А сделал Сергей после отказа богатому клиенту именно вот что: ближе к обеду пересёк узкий проулок, отделяющий его дом от избёнки одинокой старушки Лазаревой, отворил хилую калитку и постучал в дверь. В ответ за дверью долго сохранялась тишина, потом по полу прошаркала  мягкая обувь, звякнул снятый с петли крючок, и на Сыскина из чуть открывшегося проёма глянули вопросительно подслеповатые старушечьи глаза.
- Открой пошире-то, баб Вер. Здравствуй!- глянул навстречу Сергей.- Иль боишься чего?
- Чего мне бояться?- открыла шире дверь Вера Даниловна.- Не ждала никого, вот и думала: кто бы это ко мне мог? Теперь вижу.
- В дом-то пустишь? Разговор у меня к тебе не короткий.
- Пущу, чё же… Пойдём.
В единственной комнате, с окнами, когда-то румянившимися чистыми стёклами от каждой зари, а теперь потускневшими, уселись за круглый стол. Старый стол под локтями Сыскина издал такой протяжный скрип, что локти тут же были сняты.
- Баб Вер, а я к тебе с чудом.
- С чудом?!- не поняла, о чём речь, старушка Лазарева, не увидев ничего в руках гостя, и потому уточнила:- Где ж оно, твоё чудо?
- Вот тут и тут,- Сергей приложил ладонь сначала ко лбу, потом к сердцу.
- Уж больно мудрёно объясняешь.  Проще-то можно?
- Ты город Иерусалим знаешь?
- А как же, как же его не знать? Ты из меня бестолковую-то не делай,  мы в Бога-то веруем. Знаю, столица это Божья.  И слыхала, ты с Анной своей нынче в нём был. Мне-то не судьба в нём побывать, а я бы побывала. Мало, видать, кто из наших людей в Иерусалиме бывает.
- Сейчас уже много. Паломники… едут чудо посмотреть.

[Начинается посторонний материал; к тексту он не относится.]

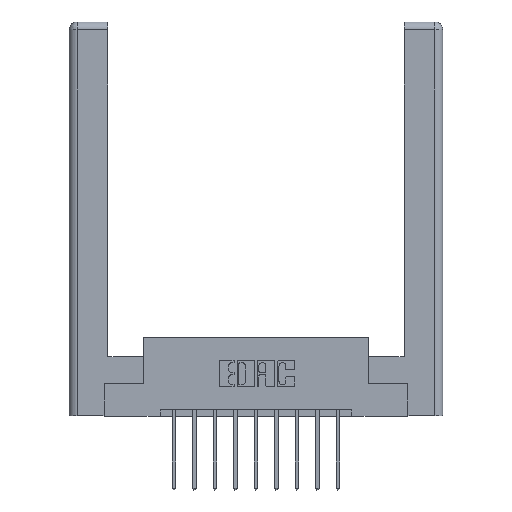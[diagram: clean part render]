
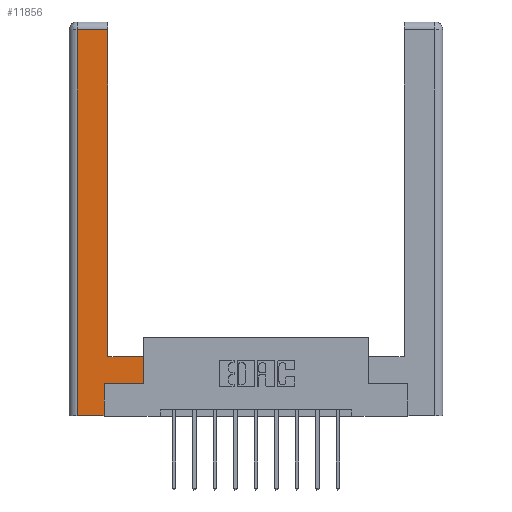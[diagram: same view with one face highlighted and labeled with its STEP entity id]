
A CAD part, top view. The second image highlights one B-rep face of the part: STEP entity #11856.
In plain terms, the highlighted planar face has unit normal (0, 0, 1).
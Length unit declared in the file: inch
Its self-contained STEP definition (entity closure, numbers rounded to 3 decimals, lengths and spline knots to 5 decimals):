
#24 = CARTESIAN_POINT ( 'NONE',  ( 0., 0., 0. ) ) ;
#186 = DIRECTION ( 'NONE',  ( 0., 1., 0. ) ) ;
#455 = EDGE_CURVE ( 'NONE', #6339, #5967, #1250, .T. ) ;
#883 = LINE ( 'NONE', #5274, #11985 ) ;
#987 = EDGE_CURVE ( 'NONE', #2244, #6339, #9338, .T. ) ;
#1092 = DIRECTION ( 'NONE',  ( -1., 0., 0. ) ) ;
#1177 = PLANE ( 'NONE',  #2646 ) ;
#1250 = LINE ( 'NONE', #12181, #4949 ) ;
#1263 = EDGE_CURVE ( 'NONE', #13059, #11696, #4265, .T. ) ;
#1358 = DIRECTION ( 'NONE',  ( 0., 1., 0. ) ) ;
#1633 = DIRECTION ( 'NONE',  ( 1., 0., 0. ) ) ;
#1750 = ORIENTED_EDGE ( 'NONE', *, *, #11183, .T. ) ;
#1969 = DIRECTION ( 'NONE',  ( 1., 0., 0. ) ) ;
#1988 = EDGE_CURVE ( 'NONE', #5967, #8023, #883, .T. ) ;
#2001 = ORIENTED_EDGE ( 'NONE', *, *, #6290, .T. ) ;
#2009 = CARTESIAN_POINT ( 'NONE',  ( 0.0615, 2.94, 0. ) ) ;
#2244 = VERTEX_POINT ( 'NONE', #13410 ) ;
#2343 = VERTEX_POINT ( 'NONE', #4814 ) ;
#2627 = VECTOR ( 'NONE', #1633, 39.37008 ) ;
#2646 = AXIS2_PLACEMENT_3D ( 'NONE', #24, #8709, #1092 ) ;
#3877 = VECTOR ( 'NONE', #7333, 39.37008 ) ;
#4204 = LINE ( 'NONE', #8557, #3877 ) ;
#4231 = LINE ( 'NONE', #10109, #5230 ) ;
#4265 = LINE ( 'NONE', #10970, #13347 ) ;
#4778 = CARTESIAN_POINT ( 'NONE',  ( 0.265, 0., 0. ) ) ;
#4814 = CARTESIAN_POINT ( 'NONE',  ( 0.565, 0.45, 0. ) ) ;
#4949 = VECTOR ( 'NONE', #186, 39.37008 ) ;
#5201 = CARTESIAN_POINT ( 'NONE',  ( 0.265, 0., 0. ) ) ;
#5230 = VECTOR ( 'NONE', #10344, 39.37008 ) ;
#5274 = CARTESIAN_POINT ( 'NONE',  ( 0.565, 0.245, 0. ) ) ;
#5299 = VECTOR ( 'NONE', #1358, 39.37008 ) ;
#5967 = VERTEX_POINT ( 'NONE', #11965 ) ;
#6290 = EDGE_CURVE ( 'NONE', #6369, #13059, #4204, .T. ) ;
#6339 = VERTEX_POINT ( 'NONE', #5201 ) ;
#6369 = VERTEX_POINT ( 'NONE', #8737 ) ;
#7333 = DIRECTION ( 'NONE',  ( 0., 1., 0. ) ) ;
#7556 = CARTESIAN_POINT ( 'NONE',  ( 0.295, 2.94, 0. ) ) ;
#8023 = VERTEX_POINT ( 'NONE', #10056 ) ;
#8438 = FACE_OUTER_BOUND ( 'NONE', #8964, .T. ) ;
#8557 = CARTESIAN_POINT ( 'NONE',  ( 0.295, 3., 0. ) ) ;
#8709 = DIRECTION ( 'NONE',  ( 0., 0., -1. ) ) ;
#8737 = CARTESIAN_POINT ( 'NONE',  ( 0.295, 0.45, 0. ) ) ;
#8754 = ORIENTED_EDGE ( 'NONE', *, *, #1263, .T. ) ;
#8890 = EDGE_CURVE ( 'NONE', #8023, #2343, #12374, .T. ) ;
#8964 = EDGE_LOOP ( 'NONE', ( #2001, #8754, #1750, #13552, #10903, #12002, #12655, #9076 ) ) ;
#9076 = ORIENTED_EDGE ( 'NONE', *, *, #11057, .T. ) ;
#9338 = LINE ( 'NONE', #4778, #2627 ) ;
#9504 = DIRECTION ( 'NONE',  ( 0., -1., 0. ) ) ;
#10056 = CARTESIAN_POINT ( 'NONE',  ( 0.565, 0.245, 0. ) ) ;
#10109 = CARTESIAN_POINT ( 'NONE',  ( 0.295, 0.45, 0. ) ) ;
#10344 = DIRECTION ( 'NONE',  ( -1., 0., 0. ) ) ;
#10903 = ORIENTED_EDGE ( 'NONE', *, *, #455, .T. ) ;
#10970 = CARTESIAN_POINT ( 'NONE',  ( 0.0615, 2.94, 0. ) ) ;
#11057 = EDGE_CURVE ( 'NONE', #2343, #6369, #4231, .T. ) ;
#11183 = EDGE_CURVE ( 'NONE', #11696, #2244, #13281, .T. ) ;
#11696 = VERTEX_POINT ( 'NONE', #2009 ) ;
#11772 = VECTOR ( 'NONE', #9504, 39.37008 ) ;
#11856 = ADVANCED_FACE ( 'NONE', ( #8438 ), #1177, .F. ) ;
#11965 = CARTESIAN_POINT ( 'NONE',  ( 0.265, 0.245, 0. ) ) ;
#11985 = VECTOR ( 'NONE', #1969, 39.37008 ) ;
#12002 = ORIENTED_EDGE ( 'NONE', *, *, #1988, .T. ) ;
#12086 = CARTESIAN_POINT ( 'NONE',  ( 0.565, 0.45, 0. ) ) ;
#12181 = CARTESIAN_POINT ( 'NONE',  ( 0.265, 0.245, 0. ) ) ;
#12374 = LINE ( 'NONE', #12086, #5299 ) ;
#12638 = CARTESIAN_POINT ( 'NONE',  ( 0.0615, 0., 0. ) ) ;
#12655 = ORIENTED_EDGE ( 'NONE', *, *, #8890, .T. ) ;
#12976 = DIRECTION ( 'NONE',  ( -1., 0., 0. ) ) ;
#13059 = VERTEX_POINT ( 'NONE', #7556 ) ;
#13281 = LINE ( 'NONE', #12638, #11772 ) ;
#13347 = VECTOR ( 'NONE', #12976, 39.37008 ) ;
#13410 = CARTESIAN_POINT ( 'NONE',  ( 0.0615, 0., 0. ) ) ;
#13552 = ORIENTED_EDGE ( 'NONE', *, *, #987, .T. ) ;
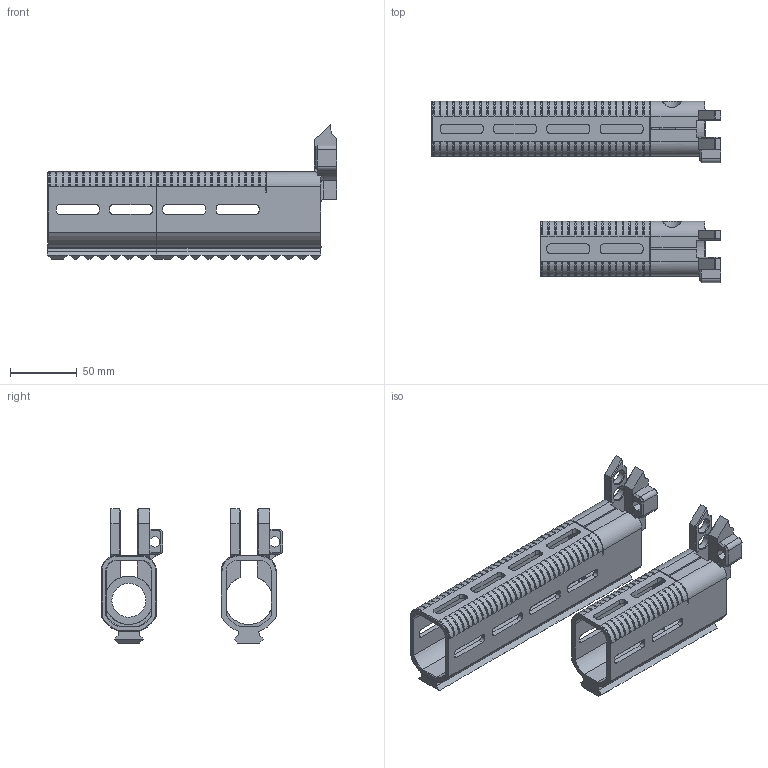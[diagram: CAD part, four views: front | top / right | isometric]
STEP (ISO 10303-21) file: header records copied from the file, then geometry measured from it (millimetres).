
FILE_DESCRIPTION(/* description */ (''),/* implementation_level */ '2;1');
FILE_NAME(/* name */ 'Tubee-22 Handguard FINAL.step',/* time_stamp */ '2021-06-23T15:50:22-04:00',/* author */ (''),/* organization */ (''),/* preprocessor_version */ 'ST-DEVELOPER v18.1',/* originating_system */ 'Autodesk Translation Framework v10.9.0.1377',/* authorisation */ '');
FILE_SCHEMA (('AUTOMOTIVE_DESIGN { 1 0 10303 214 3 1 1 }'));
Length unit declared in the file: millimetre
Products named in the file (3): Tubee-22; Thick Barrel Nut for 3d Barrel 100 thou deeper.step; handguard w rail.step
Assembly tree (2 placements, depth 2):
  Tubee-22
    Thick Barrel Nut for 3d Barrel 100 thou deeper.step
    handguard w rail.step
Bounding box: 216.9 x 135.98 x 100.84 mm (x, y, z)
Volume: 288687.8 mm3; surface area: 140651.6 mm2
Topology: 3 solids, 3 shells, 1424 faces, 3589 edges, 2177 vertices
Faces by surface type: plane 842, cylinder 405, torus 106, cone 59, bspline 12
Full cylindrical faces by diameter (mm): 9.902 x14, 11.43 x26, 12.43 x8, 14.478 x4, 25.391 x1, 30.118 x1, 30.166 x1, 32.493 x3, 35.56 x1, 36.246 x1
Entity records: 47765 total; most frequent: CARTESIAN_POINT 13454, ORIENTED_EDGE 7178, DIRECTION 7158, EDGE_CURVE 3589, AXIS2_PLACEMENT_3D 2399, LINE 2360, VECTOR 2360, VERTEX_POINT 2177

- А-а. Ну, нам-то отсель не видать ни паломников, ни чуда.
- Так вот, баб Вер, я и хочу, чтобы у нас здесь хоть немного  Иерусалима было. Чуда своего, понимаешь…
- Эк, хватил. А чё ж ты сможешь? Ты же – человек простой, а там – Бог.
- Смогу, баб Вер, смогу, если ты поможешь. Мне для этого угол твоего участка нужен, что к проулку. У меня-то, понимаешь, к проулку дом стоит, и с другой стороны – всякой всячины. А в сам проулок чудо не засунешь.
- Да чего ж ты сделать-то такое хочешь? Не пойму я. Чудо, чудо…объясни толком. Чудо-юдо…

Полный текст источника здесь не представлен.